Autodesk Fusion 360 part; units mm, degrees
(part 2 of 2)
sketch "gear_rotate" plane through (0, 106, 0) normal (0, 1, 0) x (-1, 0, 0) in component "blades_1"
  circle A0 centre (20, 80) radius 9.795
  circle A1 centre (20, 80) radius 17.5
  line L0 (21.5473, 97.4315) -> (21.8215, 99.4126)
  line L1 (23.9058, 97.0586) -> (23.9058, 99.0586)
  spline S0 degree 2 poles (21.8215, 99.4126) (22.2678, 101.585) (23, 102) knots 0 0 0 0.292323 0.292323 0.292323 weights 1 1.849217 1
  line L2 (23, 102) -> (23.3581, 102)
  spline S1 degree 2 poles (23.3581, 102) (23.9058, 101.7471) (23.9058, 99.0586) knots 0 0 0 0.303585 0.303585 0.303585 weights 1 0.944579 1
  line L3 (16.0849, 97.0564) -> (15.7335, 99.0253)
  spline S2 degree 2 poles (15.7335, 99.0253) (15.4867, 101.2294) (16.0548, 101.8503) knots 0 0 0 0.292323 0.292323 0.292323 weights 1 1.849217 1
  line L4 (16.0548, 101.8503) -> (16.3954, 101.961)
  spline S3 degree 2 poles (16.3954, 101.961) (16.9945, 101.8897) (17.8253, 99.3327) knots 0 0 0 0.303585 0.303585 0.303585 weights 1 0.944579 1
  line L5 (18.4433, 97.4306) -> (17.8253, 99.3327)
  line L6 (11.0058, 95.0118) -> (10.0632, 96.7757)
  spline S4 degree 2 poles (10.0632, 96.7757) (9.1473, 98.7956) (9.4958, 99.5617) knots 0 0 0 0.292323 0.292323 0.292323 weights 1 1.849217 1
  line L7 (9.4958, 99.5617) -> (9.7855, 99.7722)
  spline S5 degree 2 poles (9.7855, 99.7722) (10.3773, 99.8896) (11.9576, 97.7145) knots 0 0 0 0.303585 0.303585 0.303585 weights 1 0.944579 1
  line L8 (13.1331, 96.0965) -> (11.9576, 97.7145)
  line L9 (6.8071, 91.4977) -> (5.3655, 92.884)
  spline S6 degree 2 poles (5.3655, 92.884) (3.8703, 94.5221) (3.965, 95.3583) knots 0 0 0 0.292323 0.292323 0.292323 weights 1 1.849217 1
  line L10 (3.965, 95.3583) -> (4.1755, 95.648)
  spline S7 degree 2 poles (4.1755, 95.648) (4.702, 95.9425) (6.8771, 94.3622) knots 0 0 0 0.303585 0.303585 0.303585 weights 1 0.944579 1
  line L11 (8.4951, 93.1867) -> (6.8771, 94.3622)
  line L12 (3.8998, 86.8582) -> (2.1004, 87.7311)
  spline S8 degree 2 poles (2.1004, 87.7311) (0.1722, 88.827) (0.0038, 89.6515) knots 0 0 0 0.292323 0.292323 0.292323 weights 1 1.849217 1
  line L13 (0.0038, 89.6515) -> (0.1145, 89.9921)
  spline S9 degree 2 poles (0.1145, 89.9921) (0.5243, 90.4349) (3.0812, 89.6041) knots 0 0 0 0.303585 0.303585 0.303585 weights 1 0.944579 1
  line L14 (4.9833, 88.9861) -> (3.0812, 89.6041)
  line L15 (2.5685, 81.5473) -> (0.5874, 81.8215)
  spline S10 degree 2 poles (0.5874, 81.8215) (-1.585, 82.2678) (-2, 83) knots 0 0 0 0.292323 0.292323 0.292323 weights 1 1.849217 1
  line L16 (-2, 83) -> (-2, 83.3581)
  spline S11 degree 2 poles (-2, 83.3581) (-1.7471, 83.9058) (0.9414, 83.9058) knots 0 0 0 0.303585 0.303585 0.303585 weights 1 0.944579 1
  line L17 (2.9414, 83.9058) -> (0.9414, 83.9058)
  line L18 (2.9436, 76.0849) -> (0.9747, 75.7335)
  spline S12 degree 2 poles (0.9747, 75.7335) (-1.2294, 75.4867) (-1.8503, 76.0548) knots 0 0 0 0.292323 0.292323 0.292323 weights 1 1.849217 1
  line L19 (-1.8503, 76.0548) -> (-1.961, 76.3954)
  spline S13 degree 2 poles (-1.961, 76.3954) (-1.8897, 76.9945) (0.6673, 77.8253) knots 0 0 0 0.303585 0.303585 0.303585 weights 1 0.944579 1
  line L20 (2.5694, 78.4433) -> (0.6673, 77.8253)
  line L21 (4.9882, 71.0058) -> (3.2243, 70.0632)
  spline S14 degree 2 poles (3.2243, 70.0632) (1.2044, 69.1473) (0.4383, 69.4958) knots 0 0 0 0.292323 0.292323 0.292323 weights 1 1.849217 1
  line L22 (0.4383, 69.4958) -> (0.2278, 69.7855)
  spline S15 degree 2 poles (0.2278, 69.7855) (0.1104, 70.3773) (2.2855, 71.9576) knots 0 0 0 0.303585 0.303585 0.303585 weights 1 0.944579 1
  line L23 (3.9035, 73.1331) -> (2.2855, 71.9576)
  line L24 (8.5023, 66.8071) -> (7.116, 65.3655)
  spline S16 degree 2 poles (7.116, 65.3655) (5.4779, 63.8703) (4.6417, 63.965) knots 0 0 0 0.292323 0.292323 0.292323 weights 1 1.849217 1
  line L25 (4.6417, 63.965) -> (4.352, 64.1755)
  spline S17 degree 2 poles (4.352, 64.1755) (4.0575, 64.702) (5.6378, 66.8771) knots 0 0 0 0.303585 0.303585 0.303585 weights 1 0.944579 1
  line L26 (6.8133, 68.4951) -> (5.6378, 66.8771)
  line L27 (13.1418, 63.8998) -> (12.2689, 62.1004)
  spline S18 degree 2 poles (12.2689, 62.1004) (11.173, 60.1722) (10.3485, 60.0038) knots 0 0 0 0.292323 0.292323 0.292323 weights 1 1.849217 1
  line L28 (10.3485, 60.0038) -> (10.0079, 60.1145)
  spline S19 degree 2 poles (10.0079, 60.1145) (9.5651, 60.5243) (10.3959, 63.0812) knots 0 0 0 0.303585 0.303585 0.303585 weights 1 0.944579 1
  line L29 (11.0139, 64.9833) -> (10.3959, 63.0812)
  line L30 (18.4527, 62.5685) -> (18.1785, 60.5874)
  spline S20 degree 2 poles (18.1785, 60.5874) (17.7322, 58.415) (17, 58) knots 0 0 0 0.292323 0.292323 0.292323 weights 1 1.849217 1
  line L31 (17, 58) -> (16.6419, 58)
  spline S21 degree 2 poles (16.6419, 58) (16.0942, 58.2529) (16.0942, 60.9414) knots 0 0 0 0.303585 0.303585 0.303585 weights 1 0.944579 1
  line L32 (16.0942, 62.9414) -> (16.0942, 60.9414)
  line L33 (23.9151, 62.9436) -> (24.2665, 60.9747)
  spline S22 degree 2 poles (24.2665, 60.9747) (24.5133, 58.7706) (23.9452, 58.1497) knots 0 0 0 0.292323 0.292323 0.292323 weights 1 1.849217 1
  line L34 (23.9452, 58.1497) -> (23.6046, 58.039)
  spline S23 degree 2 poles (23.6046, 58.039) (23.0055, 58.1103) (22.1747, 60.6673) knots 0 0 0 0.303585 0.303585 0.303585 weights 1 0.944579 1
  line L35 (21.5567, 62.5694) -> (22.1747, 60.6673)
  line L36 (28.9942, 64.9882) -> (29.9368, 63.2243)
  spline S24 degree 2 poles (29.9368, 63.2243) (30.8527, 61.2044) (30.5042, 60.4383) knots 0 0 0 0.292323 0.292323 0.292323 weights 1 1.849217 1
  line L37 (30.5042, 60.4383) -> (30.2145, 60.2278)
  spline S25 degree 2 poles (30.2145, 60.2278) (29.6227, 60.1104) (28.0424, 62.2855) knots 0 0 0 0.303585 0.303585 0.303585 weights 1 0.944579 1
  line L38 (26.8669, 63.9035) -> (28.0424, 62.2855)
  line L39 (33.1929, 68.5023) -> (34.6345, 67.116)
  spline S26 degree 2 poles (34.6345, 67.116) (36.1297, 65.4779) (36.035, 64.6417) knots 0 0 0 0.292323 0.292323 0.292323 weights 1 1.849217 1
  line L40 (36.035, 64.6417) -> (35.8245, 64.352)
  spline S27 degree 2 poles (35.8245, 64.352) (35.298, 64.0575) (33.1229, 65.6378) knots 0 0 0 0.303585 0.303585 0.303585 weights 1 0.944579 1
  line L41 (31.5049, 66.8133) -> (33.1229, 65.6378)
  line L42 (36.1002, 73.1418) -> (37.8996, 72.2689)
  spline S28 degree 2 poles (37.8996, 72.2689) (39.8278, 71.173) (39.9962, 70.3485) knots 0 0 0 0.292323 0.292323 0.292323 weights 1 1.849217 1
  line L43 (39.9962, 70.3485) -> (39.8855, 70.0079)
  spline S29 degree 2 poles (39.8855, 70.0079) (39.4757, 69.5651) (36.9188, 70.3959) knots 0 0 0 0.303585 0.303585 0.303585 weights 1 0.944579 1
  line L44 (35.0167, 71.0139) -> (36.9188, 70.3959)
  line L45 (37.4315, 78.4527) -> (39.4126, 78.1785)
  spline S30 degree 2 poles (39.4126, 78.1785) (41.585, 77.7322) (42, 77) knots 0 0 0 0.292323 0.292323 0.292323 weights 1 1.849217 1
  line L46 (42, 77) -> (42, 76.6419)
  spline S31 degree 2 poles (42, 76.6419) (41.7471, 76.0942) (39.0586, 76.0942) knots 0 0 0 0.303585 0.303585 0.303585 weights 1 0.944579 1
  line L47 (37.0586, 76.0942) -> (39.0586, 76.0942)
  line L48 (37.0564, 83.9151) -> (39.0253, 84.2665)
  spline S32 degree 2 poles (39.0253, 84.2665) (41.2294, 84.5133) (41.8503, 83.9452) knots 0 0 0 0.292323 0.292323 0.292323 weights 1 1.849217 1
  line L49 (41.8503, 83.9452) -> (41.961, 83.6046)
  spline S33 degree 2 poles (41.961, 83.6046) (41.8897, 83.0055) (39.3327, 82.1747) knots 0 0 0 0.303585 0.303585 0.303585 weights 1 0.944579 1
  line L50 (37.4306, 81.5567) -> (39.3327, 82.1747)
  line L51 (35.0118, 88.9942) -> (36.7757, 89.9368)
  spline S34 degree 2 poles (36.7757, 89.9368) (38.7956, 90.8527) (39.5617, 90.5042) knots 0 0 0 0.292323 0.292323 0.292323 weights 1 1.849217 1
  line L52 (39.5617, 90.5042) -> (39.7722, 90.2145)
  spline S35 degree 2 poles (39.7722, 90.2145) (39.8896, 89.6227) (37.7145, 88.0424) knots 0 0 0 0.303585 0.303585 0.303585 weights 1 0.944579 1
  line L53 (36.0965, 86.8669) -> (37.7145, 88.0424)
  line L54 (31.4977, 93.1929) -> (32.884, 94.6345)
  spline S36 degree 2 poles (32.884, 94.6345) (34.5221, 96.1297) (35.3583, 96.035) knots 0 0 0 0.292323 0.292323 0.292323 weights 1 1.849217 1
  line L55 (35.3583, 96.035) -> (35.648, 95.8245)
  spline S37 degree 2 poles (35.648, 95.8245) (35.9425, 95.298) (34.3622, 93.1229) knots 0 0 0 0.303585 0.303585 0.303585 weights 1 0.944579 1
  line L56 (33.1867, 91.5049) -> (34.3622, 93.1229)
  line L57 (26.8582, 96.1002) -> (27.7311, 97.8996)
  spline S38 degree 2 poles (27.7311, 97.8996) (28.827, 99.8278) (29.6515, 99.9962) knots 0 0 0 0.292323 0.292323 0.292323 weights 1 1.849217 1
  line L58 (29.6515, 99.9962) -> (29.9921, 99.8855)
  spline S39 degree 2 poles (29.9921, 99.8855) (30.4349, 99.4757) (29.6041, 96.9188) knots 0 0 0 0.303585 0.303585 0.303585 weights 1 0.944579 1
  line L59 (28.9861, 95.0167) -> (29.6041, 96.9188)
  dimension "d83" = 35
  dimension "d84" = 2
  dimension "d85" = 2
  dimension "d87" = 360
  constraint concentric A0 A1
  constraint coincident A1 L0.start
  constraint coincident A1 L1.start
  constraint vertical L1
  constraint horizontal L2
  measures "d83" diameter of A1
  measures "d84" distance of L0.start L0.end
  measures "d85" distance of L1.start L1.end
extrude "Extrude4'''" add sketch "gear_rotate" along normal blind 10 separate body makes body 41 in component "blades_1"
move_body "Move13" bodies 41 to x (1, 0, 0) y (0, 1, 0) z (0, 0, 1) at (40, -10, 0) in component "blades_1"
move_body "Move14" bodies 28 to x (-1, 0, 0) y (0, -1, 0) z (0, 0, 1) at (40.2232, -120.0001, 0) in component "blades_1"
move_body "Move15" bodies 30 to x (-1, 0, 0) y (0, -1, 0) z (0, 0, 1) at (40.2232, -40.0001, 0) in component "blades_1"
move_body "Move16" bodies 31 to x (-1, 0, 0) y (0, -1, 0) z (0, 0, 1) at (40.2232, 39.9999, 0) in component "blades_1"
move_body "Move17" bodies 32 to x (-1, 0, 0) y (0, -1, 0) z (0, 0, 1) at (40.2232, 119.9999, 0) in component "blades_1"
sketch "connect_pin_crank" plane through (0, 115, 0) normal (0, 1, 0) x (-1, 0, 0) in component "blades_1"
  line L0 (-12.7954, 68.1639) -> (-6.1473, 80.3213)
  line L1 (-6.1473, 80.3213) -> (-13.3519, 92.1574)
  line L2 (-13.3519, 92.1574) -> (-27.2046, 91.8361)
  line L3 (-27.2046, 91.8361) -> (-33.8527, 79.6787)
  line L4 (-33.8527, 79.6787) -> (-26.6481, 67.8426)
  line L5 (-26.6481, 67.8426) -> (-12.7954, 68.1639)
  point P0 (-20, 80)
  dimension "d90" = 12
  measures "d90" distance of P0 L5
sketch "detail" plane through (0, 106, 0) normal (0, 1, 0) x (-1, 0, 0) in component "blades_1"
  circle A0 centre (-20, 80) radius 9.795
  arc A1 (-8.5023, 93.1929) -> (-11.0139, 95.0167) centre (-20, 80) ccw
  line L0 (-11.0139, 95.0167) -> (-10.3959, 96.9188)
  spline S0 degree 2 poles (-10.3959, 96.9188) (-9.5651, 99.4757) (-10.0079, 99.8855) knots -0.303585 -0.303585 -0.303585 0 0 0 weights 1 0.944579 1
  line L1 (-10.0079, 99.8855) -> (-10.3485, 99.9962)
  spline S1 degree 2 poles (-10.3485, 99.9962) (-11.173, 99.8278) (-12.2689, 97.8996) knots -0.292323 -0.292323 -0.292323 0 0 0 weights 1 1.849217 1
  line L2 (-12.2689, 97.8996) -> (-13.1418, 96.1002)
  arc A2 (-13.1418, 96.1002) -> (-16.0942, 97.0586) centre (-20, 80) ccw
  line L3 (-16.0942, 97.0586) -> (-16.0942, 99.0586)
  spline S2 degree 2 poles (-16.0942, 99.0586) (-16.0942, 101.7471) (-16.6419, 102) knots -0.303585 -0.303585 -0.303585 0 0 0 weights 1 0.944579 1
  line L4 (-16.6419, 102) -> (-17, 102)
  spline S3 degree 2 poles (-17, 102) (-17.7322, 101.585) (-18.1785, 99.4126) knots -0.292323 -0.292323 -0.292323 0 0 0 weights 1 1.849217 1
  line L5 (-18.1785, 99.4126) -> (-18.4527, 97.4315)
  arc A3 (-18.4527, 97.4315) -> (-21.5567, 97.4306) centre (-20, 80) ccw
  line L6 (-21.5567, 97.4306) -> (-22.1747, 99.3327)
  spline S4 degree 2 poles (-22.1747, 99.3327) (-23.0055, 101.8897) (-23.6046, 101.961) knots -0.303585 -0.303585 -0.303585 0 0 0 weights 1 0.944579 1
+===+
- **THE PROBLEM**: The answer is the lines above between the line holding "spline S24 degree" and the line holding "line L48 (37.0564, 83.9151)", inclusive, each written out exactly, and no others.

- **RESPONSE FOR THIS EXERCISE**:
  spline S24 degree 2 poles (29.9368, 63.2243) (30.8527, 61.2044) (30.5042, 60.4383) knots 0 0 0 0.292323 0.292323 0.292323 weights 1 1.849217 1
  line L37 (30.5042, 60.4383) -> (30.2145, 60.2278)
  spline S25 degree 2 poles (30.2145, 60.2278) (29.6227, 60.1104) (28.0424, 62.2855) knots 0 0 0 0.303585 0.303585 0.303585 weights 1 0.944579 1
  line L38 (26.8669, 63.9035) -> (28.0424, 62.2855)
  line L39 (33.1929, 68.5023) -> (34.6345, 67.116)
  spline S26 degree 2 poles (34.6345, 67.116) (36.1297, 65.4779) (36.035, 64.6417) knots 0 0 0 0.292323 0.292323 0.292323 weights 1 1.849217 1
  line L40 (36.035, 64.6417) -> (35.8245, 64.352)
  spline S27 degree 2 poles (35.8245, 64.352) (35.298, 64.0575) (33.1229, 65.6378) knots 0 0 0 0.303585 0.303585 0.303585 weights 1 0.944579 1
  line L41 (31.5049, 66.8133) -> (33.1229, 65.6378)
  line L42 (36.1002, 73.1418) -> (37.8996, 72.2689)
  spline S28 degree 2 poles (37.8996, 72.2689) (39.8278, 71.173) (39.9962, 70.3485) knots 0 0 0 0.292323 0.292323 0.292323 weights 1 1.849217 1
  line L43 (39.9962, 70.3485) -> (39.8855, 70.0079)
  spline S29 degree 2 poles (39.8855, 70.0079) (39.4757, 69.5651) (36.9188, 70.3959) knots 0 0 0 0.303585 0.303585 0.303585 weights 1 0.944579 1
  line L44 (35.0167, 71.0139) -> (36.9188, 70.3959)
  line L45 (37.4315, 78.4527) -> (39.4126, 78.1785)
  spline S30 degree 2 poles (39.4126, 78.1785) (41.585, 77.7322) (42, 77) knots 0 0 0 0.292323 0.292323 0.292323 weights 1 1.849217 1
  line L46 (42, 77) -> (42, 76.6419)
  spline S31 degree 2 poles (42, 76.6419) (41.7471, 76.0942) (39.0586, 76.0942) knots 0 0 0 0.303585 0.303585 0.303585 weights 1 0.944579 1
  line L47 (37.0586, 76.0942) -> (39.0586, 76.0942)
  line L48 (37.0564, 83.9151) -> (39.0253, 84.2665)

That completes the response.